We'll now calculate for each score what is the average length of a review.

In [None]:
df[['Score','Text']].head()

In [None]:
df['review_n_char'] = df['Text'].apply(lambda x: len(x))

In [None]:
df[['Score','review_n_char']]

In [None]:
agg_df = df[['Score','review_n_char']].groupby('Score').aggregate('mean')

In [None]:
agg_df.plot(kind = 'bar')
plt.title('Average number of characters')
plt.xlabel('Review Score')
plt.ylabel('Review Length (# of characters)')
plt.grid()
ticks = plt.xticks(rotation = 0)

From the graph above we see that, on average, there is no significant difference in the average number of characters of each review. 

The reviews with the highest score (5) seem to have the least number of characters.

# Preprocessing

In this section we'll tokenize the contents of `dfnew`.

The first approach we'll take will be through the Bag-of-Words model with Scikit-Learn.
We need to 

- Instantiate an instance of CountVectorizer
- Define a tokenizer that removes punctuation, stop words, and performs either stemming or lemmatization

In [2]:
from sklearn.feature_extraction.text import CountVectorizer

In [1]:
import nltk

In [5]:
# import the nltk stopwords
nltk.download('stopwords')

from nltk.corpus import stopwords 
ENGLISH_STOP_WORDS = stopwords.words('english')

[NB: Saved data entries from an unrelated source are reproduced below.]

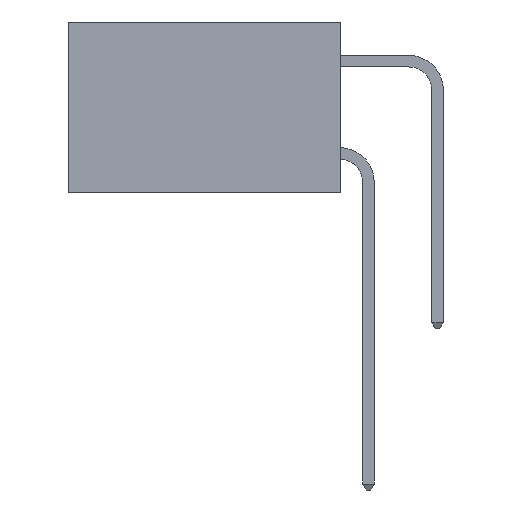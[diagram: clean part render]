
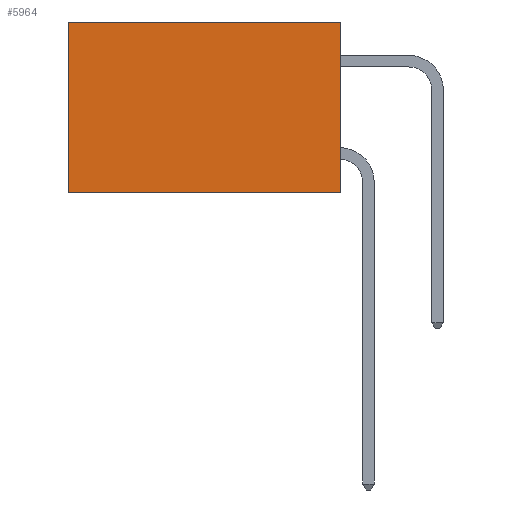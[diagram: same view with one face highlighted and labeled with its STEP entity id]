
A CAD part, left-side view. The second image highlights one B-rep face of the part: STEP entity #5964.
In plain terms, the highlighted planar face has unit normal (-1, 0, 0).
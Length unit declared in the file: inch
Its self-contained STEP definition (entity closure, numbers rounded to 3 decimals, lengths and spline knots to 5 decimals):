
#3 = DIRECTION ( 'NONE',  ( 0., 1., 0. ) ) ;
#76 = CARTESIAN_POINT ( 'NONE',  ( 0.277, 0., -0.37 ) ) ;
#323 = EDGE_CURVE ( 'NONE', #10861, #3225, #429, .T. ) ;
#429 = LINE ( 'NONE', #5321, #4815 ) ;
#449 = ORIENTED_EDGE ( 'NONE', *, *, #323, .T. ) ;
#479 = FACE_OUTER_BOUND ( 'NONE', #2058, .T. ) ;
#604 = CARTESIAN_POINT ( 'NONE',  ( 0.277, 0., -0.37 ) ) ;
#900 = EDGE_CURVE ( 'NONE', #9467, #6351, #1929, .T. ) ;
#961 = ORIENTED_EDGE ( 'NONE', *, *, #7742, .F. ) ;
#1181 = DIRECTION ( 'NONE',  ( 0., 1., 0. ) ) ;
#1702 = DIRECTION ( 'NONE',  ( 0., 0., -1. ) ) ;
#1929 = LINE ( 'NONE', #604, #8895 ) ;
#2058 = EDGE_LOOP ( 'NONE', ( #449, #961, #2592, #2604 ) ) ;
#2059 = CARTESIAN_POINT ( 'NONE',  ( 0.277, 0.59, 0. ) ) ;
#2080 = CARTESIAN_POINT ( 'NONE',  ( 0.277, 0., -0.37 ) ) ;
#2403 = VECTOR ( 'NONE', #3, 39.37008 ) ;
#2592 = ORIENTED_EDGE ( 'NONE', *, *, #900, .F. ) ;
#2604 = ORIENTED_EDGE ( 'NONE', *, *, #10855, .T. ) ;
#3019 = CARTESIAN_POINT ( 'NONE',  ( 0.277, 0., 0. ) ) ;
#3225 = VERTEX_POINT ( 'NONE', #5044 ) ;
#4561 = AXIS2_PLACEMENT_3D ( 'NONE', #5138, #5083, #5070 ) ;
#4815 = VECTOR ( 'NONE', #1702, 39.37008 ) ;
#5044 = CARTESIAN_POINT ( 'NONE',  ( 0.277, 0.59, -0.37 ) ) ;
#5070 = DIRECTION ( 'NONE',  ( 0., 0., -1. ) ) ;
#5083 = DIRECTION ( 'NONE',  ( 1., 0., 0. ) ) ;
#5106 = PLANE ( 'NONE',  #4561 ) ;
#5138 = CARTESIAN_POINT ( 'NONE',  ( 0.277, 0., -0.37 ) ) ;
#5321 = CARTESIAN_POINT ( 'NONE',  ( 0.277, 0.59, -0.37 ) ) ;
#5964 = ADVANCED_FACE ( 'NONE', ( #479 ), #5106, .F. ) ;
#6031 = VECTOR ( 'NONE', #1181, 39.37008 ) ;
#6351 = VERTEX_POINT ( 'NONE', #2080 ) ;
#7742 = EDGE_CURVE ( 'NONE', #6351, #3225, #9048, .T. ) ;
#8071 = DIRECTION ( 'NONE',  ( 0., 0., -1. ) ) ;
#8895 = VECTOR ( 'NONE', #8071, 39.37008 ) ;
#9048 = LINE ( 'NONE', #76, #2403 ) ;
#9467 = VERTEX_POINT ( 'NONE', #3019 ) ;
#10386 = CARTESIAN_POINT ( 'NONE',  ( 0.277, 0., 0. ) ) ;
#10633 = LINE ( 'NONE', #10386, #6031 ) ;
#10855 = EDGE_CURVE ( 'NONE', #9467, #10861, #10633, .T. ) ;
#10861 = VERTEX_POINT ( 'NONE', #2059 ) ;

def custom_tokenizer(sentence):
    # remove punctuation and set to lower case
    for punctuation_mark in string.punctuation:
        sentence = sentence.replace(punctuation_mark,'').lower()

    # split sentence into words
    listofwords = sentence.split(' ')
    listofstemmed_words = []
    
    # remove stopwords and any tokens that are just empty strings
    for word in listofwords:
        if (not word in ENGLISH_STOP_WORDS) and (word!=''):
            # Stem words
            stemmed_word = stemmer.stem(word)
            listofstemmed_words.append(stemmed_word)

    return listofstemmed_words

[nltk_data] Downloading package stopwords to
[nltk_data]     /Users/rodrigo/nltk_data...
[nltk_data]   Package stopwords is already up-to-date!